----- Source information

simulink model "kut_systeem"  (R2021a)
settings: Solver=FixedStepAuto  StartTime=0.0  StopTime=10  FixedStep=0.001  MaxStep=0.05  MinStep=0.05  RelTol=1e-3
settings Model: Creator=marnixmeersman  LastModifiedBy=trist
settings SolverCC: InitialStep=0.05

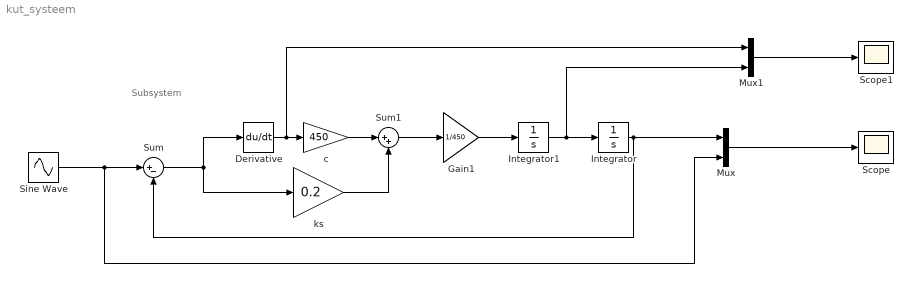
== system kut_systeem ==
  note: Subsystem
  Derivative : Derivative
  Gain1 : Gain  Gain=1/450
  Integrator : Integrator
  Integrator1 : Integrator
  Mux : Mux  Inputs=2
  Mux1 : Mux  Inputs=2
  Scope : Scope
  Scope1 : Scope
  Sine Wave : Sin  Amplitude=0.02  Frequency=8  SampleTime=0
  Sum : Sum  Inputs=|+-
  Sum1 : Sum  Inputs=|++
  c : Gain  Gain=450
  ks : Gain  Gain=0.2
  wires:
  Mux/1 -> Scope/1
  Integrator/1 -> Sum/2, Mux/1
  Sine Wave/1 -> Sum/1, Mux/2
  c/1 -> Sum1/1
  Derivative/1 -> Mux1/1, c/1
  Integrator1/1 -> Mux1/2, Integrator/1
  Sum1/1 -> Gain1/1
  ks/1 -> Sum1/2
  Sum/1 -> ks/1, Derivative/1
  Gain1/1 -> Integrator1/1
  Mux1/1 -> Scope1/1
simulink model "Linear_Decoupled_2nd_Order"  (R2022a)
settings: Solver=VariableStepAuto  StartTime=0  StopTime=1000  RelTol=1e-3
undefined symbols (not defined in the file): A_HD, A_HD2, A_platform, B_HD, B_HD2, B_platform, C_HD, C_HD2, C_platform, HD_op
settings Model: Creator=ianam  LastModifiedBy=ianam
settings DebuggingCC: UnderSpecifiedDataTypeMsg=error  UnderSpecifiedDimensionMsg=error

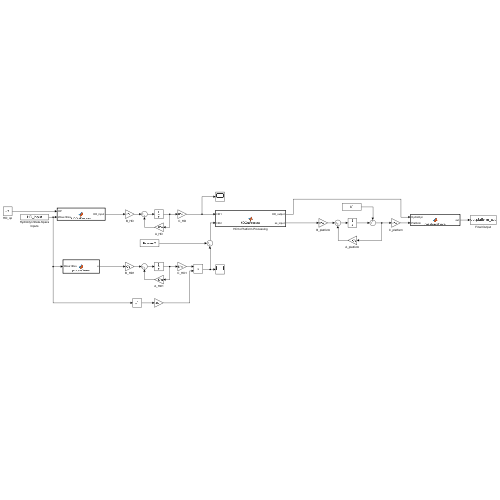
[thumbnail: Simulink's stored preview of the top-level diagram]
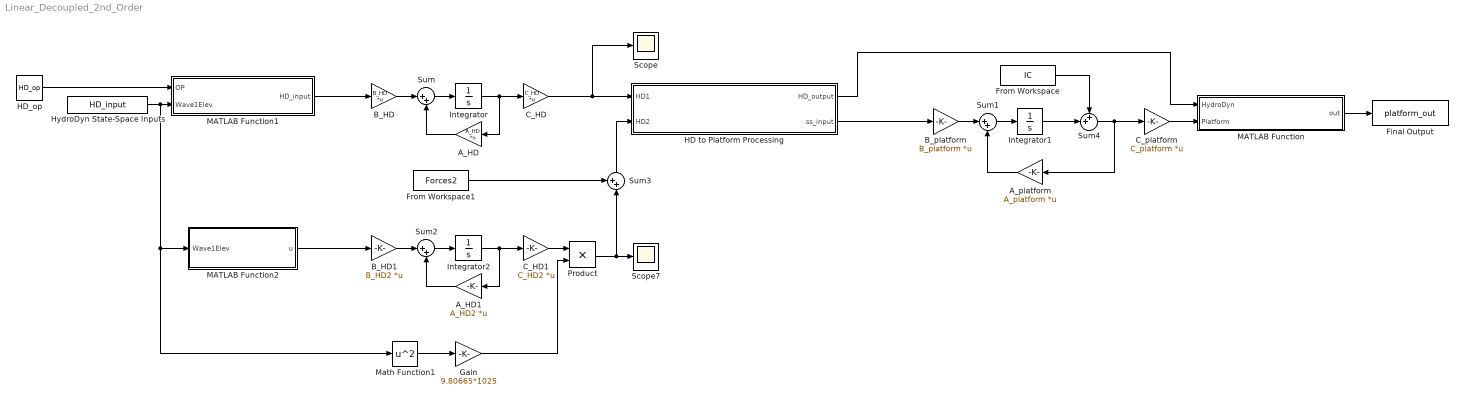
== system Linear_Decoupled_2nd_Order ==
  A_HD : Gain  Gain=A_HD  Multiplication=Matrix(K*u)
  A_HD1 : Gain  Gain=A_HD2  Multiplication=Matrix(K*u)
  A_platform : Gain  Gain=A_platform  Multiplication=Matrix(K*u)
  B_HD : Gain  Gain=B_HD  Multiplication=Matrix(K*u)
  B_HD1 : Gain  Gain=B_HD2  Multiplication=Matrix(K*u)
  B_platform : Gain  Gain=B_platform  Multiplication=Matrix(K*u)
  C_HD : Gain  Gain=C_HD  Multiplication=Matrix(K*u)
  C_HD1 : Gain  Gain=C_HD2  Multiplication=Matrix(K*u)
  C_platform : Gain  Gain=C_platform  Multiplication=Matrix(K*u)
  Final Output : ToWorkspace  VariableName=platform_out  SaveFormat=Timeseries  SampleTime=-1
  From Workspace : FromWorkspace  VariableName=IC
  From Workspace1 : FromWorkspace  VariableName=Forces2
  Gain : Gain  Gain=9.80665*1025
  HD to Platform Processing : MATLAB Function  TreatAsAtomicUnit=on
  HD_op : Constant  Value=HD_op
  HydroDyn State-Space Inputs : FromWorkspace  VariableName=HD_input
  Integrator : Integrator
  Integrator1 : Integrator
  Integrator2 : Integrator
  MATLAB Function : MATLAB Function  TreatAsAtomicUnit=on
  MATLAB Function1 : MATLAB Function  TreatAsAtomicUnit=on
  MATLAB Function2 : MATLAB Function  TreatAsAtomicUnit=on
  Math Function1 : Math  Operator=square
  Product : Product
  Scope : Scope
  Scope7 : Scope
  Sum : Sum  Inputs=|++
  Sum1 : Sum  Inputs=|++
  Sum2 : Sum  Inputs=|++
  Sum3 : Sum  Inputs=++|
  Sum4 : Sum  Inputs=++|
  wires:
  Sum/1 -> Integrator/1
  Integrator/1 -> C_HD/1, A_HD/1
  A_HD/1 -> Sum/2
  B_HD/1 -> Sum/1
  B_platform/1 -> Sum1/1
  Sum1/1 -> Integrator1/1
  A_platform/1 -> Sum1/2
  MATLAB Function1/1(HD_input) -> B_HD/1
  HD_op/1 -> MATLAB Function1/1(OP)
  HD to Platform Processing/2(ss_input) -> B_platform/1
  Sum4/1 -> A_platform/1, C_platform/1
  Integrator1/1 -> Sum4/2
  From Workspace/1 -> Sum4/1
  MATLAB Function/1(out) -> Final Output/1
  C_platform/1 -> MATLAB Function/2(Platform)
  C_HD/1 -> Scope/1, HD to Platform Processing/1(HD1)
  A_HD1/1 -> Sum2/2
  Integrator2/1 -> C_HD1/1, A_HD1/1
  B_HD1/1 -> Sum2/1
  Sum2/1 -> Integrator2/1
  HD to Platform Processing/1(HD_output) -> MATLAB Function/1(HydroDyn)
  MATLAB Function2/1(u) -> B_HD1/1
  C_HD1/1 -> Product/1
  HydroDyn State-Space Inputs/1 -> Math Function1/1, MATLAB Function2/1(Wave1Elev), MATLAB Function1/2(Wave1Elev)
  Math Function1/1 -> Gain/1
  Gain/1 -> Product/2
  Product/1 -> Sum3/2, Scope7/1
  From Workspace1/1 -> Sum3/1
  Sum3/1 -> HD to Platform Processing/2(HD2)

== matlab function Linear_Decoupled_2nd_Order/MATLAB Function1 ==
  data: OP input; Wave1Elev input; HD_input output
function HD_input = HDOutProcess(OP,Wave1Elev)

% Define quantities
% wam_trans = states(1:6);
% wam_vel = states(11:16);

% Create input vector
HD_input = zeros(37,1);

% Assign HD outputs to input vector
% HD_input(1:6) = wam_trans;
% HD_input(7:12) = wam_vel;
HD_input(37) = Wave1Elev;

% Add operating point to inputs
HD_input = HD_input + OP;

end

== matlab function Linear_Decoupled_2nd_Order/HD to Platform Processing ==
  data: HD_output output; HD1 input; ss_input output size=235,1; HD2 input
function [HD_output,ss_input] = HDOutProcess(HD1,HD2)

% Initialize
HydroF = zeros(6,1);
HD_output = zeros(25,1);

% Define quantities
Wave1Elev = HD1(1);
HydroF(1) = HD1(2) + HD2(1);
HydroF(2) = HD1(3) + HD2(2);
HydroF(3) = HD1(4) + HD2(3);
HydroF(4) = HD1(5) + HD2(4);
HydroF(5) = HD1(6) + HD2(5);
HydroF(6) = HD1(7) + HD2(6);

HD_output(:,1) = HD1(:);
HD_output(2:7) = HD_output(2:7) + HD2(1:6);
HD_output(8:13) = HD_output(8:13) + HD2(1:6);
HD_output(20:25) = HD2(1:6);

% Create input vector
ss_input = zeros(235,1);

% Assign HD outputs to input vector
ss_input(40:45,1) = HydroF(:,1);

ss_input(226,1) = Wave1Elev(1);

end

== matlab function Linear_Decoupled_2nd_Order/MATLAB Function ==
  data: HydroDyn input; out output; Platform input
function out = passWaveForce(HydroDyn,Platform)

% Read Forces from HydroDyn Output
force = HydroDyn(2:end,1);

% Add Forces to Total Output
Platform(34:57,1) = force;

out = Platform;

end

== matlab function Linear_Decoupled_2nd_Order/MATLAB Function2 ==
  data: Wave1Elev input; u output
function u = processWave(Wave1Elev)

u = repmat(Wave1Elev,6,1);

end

----------

In the entries above, find the line with "MATLAB Function1 : MATLAB" and the line with "HD_output = zeros(25,1);", then restate word for word both of them and every line between, with nothing more.

  MATLAB Function1 : MATLAB Function  TreatAsAtomicUnit=on
  MATLAB Function2 : MATLAB Function  TreatAsAtomicUnit=on
  Math Function1 : Math  Operator=square
  Product : Product
  Scope : Scope
  Scope7 : Scope
  Sum : Sum  Inputs=|++
  Sum1 : Sum  Inputs=|++
  Sum2 : Sum  Inputs=|++
  Sum3 : Sum  Inputs=++|
  Sum4 : Sum  Inputs=++|
  wires:
  Sum/1 -> Integrator/1
  Integrator/1 -> C_HD/1, A_HD/1
  A_HD/1 -> Sum/2
  B_HD/1 -> Sum/1
  B_platform/1 -> Sum1/1
  Sum1/1 -> Integrator1/1
  A_platform/1 -> Sum1/2
  MATLAB Function1/1(HD_input) -> B_HD/1
  HD_op/1 -> MATLAB Function1/1(OP)
  HD to Platform Processing/2(ss_input) -> B_platform/1
  Sum4/1 -> A_platform/1, C_platform/1
  Integrator1/1 -> Sum4/2
  From Workspace/1 -> Sum4/1
  MATLAB Function/1(out) -> Final Output/1
  C_platform/1 -> MATLAB Function/2(Platform)
  C_HD/1 -> Scope/1, HD to Platform Processing/1(HD1)
  A_HD1/1 -> Sum2/2
  Integrator2/1 -> C_HD1/1, A_HD1/1
  B_HD1/1 -> Sum2/1
  Sum2/1 -> Integrator2/1
  HD to Platform Processing/1(HD_output) -> MATLAB Function/1(HydroDyn)
  MATLAB Function2/1(u) -> B_HD1/1
  C_HD1/1 -> Product/1
  HydroDyn State-Space Inputs/1 -> Math Function1/1, MATLAB Function2/1(Wave1Elev), MATLAB Function1/2(Wave1Elev)
  Math Function1/1 -> Gain/1
  Gain/1 -> Product/2
  Product/1 -> Sum3/2, Scope7/1
  From Workspace1/1 -> Sum3/1
  Sum3/1 -> HD to Platform Processing/2(HD2)

== matlab function Linear_Decoupled_2nd_Order/MATLAB Function1 ==
  data: OP input; Wave1Elev input; HD_input output
function HD_input = HDOutProcess(OP,Wave1Elev)

% Define quantities
% wam_trans = states(1:6);
% wam_vel = states(11:16);

% Create input vector
HD_input = zeros(37,1);

% Assign HD outputs to input vector
% HD_input(1:6) = wam_trans;
% HD_input(7:12) = wam_vel;
HD_input(37) = Wave1Elev;

% Add operating point to inputs
HD_input = HD_input + OP;

end

== matlab function Linear_Decoupled_2nd_Order/HD to Platform Processing ==
  data: HD_output output; HD1 input; ss_input output size=235,1; HD2 input
function [HD_output,ss_input] = HDOutProcess(HD1,HD2)

% Initialize
HydroF = zeros(6,1);
HD_output = zeros(25,1);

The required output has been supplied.